We hope that by capitalising on the growing interest and membership of TDL Community we will be able to build a vibrant, engaged and collaborative community of AI professionals and enthusiasts to help build on the continued work of the Strategy.
Strategic alignment
Since spring 2021, officials leading on the delivery of the AI Strategy, Scotland’s Digital Strategy and the Scottish Technology Ecosystem Review (STER) have met regularly to discuss how work across the different programmes can be best aligned, and to identify opportunities for collaboration.
This approach is delivering results, helping to strengthen working relationships amongst those working on the programmes, and expanding to include colleagues responsible for others, including beyond Scottish Government.

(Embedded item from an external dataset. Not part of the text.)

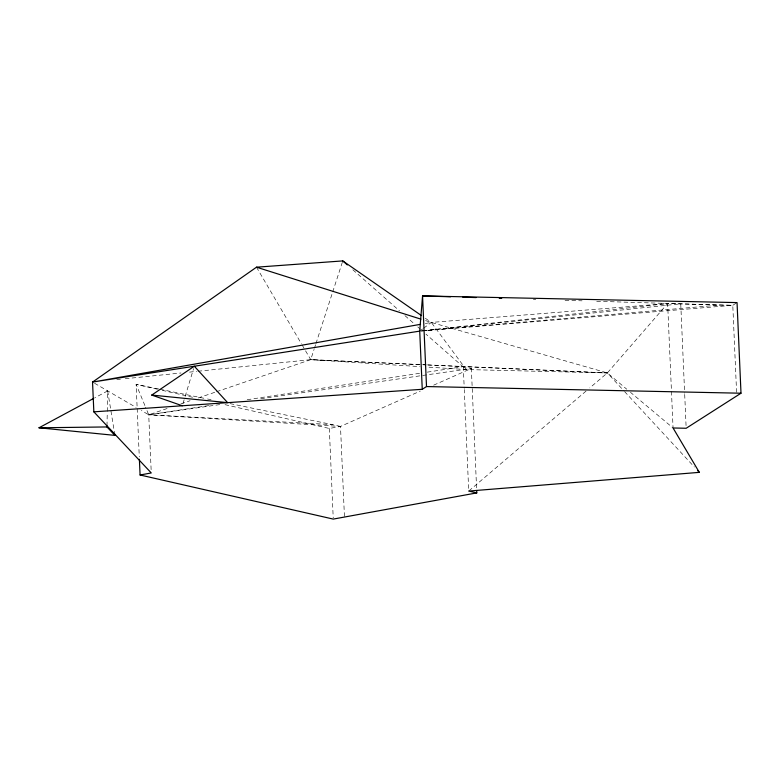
<?xml version="1.0" encoding="UTF-8"?>
<svg xmlns="http://www.w3.org/2000/svg" width="780" height="780" viewBox="0 0 780 780"><rect width="100%" height="100%" fill="white"/><g stroke="black" fill="none" stroke-linecap="round" stroke-linejoin="round"><path stroke-width="0.58" stroke-dasharray="3.9 2.92" d="M106.987 425.831L107.25 412.581M107.279 411.372L107.679 390.897L94.799 397.81M183.017 403.445L184.782 397.625M185.133 396.464L193.606 368.56M216.518 391.716L310.732 359.658L314.087 349.323M314.457 348.173L315.578 344.731M315.949 343.58L332.339 293.056M332.709 291.915L342.401 262.06M736.193 303.137L732.791 305.321L667.631 303.537L607.347 372.938L589.787 387.904M586.092 391.053L468.721 491.069L464.285 389.581M422.614 328.955L419.718 331.13L667.631 303.537L673.062 427.986L630.484 392.32M423.579 328.234L431.311 322.433L667.631 303.537M225.011 404.654L329.316 428.464L340.499 426.426L420.342 391.063M433.651 385.164L471.354 368.462L476.629 489.284M167.115 408.535L148.726 414.794L141.355 410.504M180.901 403.845L190.086 400.715M198.13 397.976L215.368 392.116M425.324 323.485L431.311 322.433L607.347 372.938L626.779 389.22M208.757 405.6L148.726 414.794L145.577 407.189M247.172 399.721L420.059 373.25M427.264 372.138L463.291 366.629L607.347 372.938L623.766 390.692M219.755 404.596L148.726 414.794L151.164 470.535M260.686 398.716L471.354 368.462L463.291 366.629L423.335 364.806M736.583 392.32L732.791 305.321L420.927 331.032L680.745 303.82L684.645 393.227M116.785 379.587L120.422 379.216M125.268 378.719L181.028 372.986M189.52 372.119L196.794 371.368M198.003 371.241L310.732 359.658L421.356 364.611M420.927 331.022L719.677 305.038L732.791 305.321M533.364 299.335L535.801 299.403M565.032 300.3L582.075 300.827M596.69 301.275L719.677 305.038M422.565 364.66L426.212 364.825M427.43 364.884L607.347 372.938L466.226 369.554L427.352 367.078M302.104 344.945L310.732 359.658L422.116 364.748M340.499 426.426L332.436 424.593L148.726 414.794L340.499 426.426L344.458 517.052M310.732 359.658L420.069 366.619M158.72 388.996L136.12 384.365L137.124 407.326M159.919 389.24L206.32 398.746M207.509 398.99L211.078 399.721M230.11 403.621L332.436 424.593M157.453 389.24L136.12 384.365L145.129 406.097M162.191 390.322L195.38 397.898M425.519 320.599L431.311 322.433L466.226 369.554L425.987 334.142M94.565 383.253L136.1 407.443M425.344 318.279L431.311 322.433M352.823 269.763L399.467 310.81M404.956 315.637L414.102 323.68M417.758 326.908L420.498 329.316M624.585 391.579L694.375 467.035M256.503 267.189L301.49 343.892M107.679 390.897L114.484 432.812M684.703 394.436L686.068 425.851M463.291 366.629L464.236 388.372M329.316 428.464L333.216 517.881M137.173 408.535L139.288 456.865"/><path stroke-width="1.17" d="M93.727 398.385L39 427.791L114.894 435.377L106.967 426.943L106.987 425.831M421.366 315.52L342.771 260.91L256.503 267.189L92.547 382.083L93.844 411.84L422.253 389.298L419.718 331.13L422.555 295.932L737.042 302.591L741 393.218L686.176 428.259L673.062 427.986L699.309 472.358L468.721 491.069L476.785 492.901L476.687 490.493M151.739 395.07L194.317 366.229L227.643 402.656L151.739 395.07L182.305 405.766M422.253 389.298L426.514 386.558L741 393.218M139.386 459.284L140.078 474.991L151.271 472.953L93.844 411.84M476.785 492.901L333.265 519.09L140.078 474.991M420.537 324.324L92.547 382.083L419.718 331.13M39 427.791L106.967 426.943M450.567 296.79L422.555 295.932L426.514 386.558M462.745 297.17L476.131 297.58M499.268 298.291L501.706 298.36M256.503 267.189L420.888 319.137M342.771 260.91L347.344 264.937M697.661 470.584L699.309 472.358M114.67 434.011L114.894 435.377"/></g></svg>

In late 2021, the senior leads for each programme took part in a podcast discussion of how work to deliver the AI and Digital Strategies and the STER recommendations will be aligned; https://www.scotlandaistrategy.com/news/new-podcast-scotland-a-digital-nation.
These regular discussions have evolved over time to include officials working on other programmes, such as digital economy, Scotland: a trading nation and Scotland's Vision for Trade. There is also dialogue with those working on cyber resilience and security, digital ethics, fair work, skills development and many other initiatives.
International engagement
The Strategy sets out our ambitions for Scotland to play a bigger role on the global AI stage, and we have made a promising start on this across two strands of activity. The first has focussed on building on the momentum and interest generated by the launch of Scotland’s AI Strategy in 2021. Forming part of our wider communications and engagement plan, we have engaged in a number of high profile events, media activity and podcasts in the UK, Europe, Asia and the US. A major highlight was our facilitating a virtual ‘Getting AI Right For Every Child’ roundtable described below.
These engagements have created a platform for more in-depth bilateral engagement, a particular feature of which has been sharing of perspectives with Nordic and northern nations of Europe that share our values-based approach to adoption of AI. They have also informed the development of our strategic plan for international engagement, which we started to take forward in late 2021 and which will continue to be shaped and delivered through collaboration. A working group to lead on this and take the plan forward will be convened in spring 2022.
We also continue to liaise with counterparts in the UK Government’s Department for Digital, Culture, Media and Sport, Office for AI and the AI Council, as part of the delivery of the Strategy. Alongside this engagement we have been working with the Cabinet Office to pilot the UK Government Algorithmic Transparency Standard – more on this below – and, in related work, with the Alan Turing Institute and British Standards Institute on the new AI Standards Hub.
There has also been dialogue with the Open Community for Ethics in Autonomous and Intelligent Systems and officials supporting work on AI in Canada, New Zealand, Singapore, Malta and Finland. Reflecting just how far afield news of the Strategy has travelled, in November 2021 we were delighted to be interviewed by Forbes magazine for a feature article discussing Scotland’s potential in AI.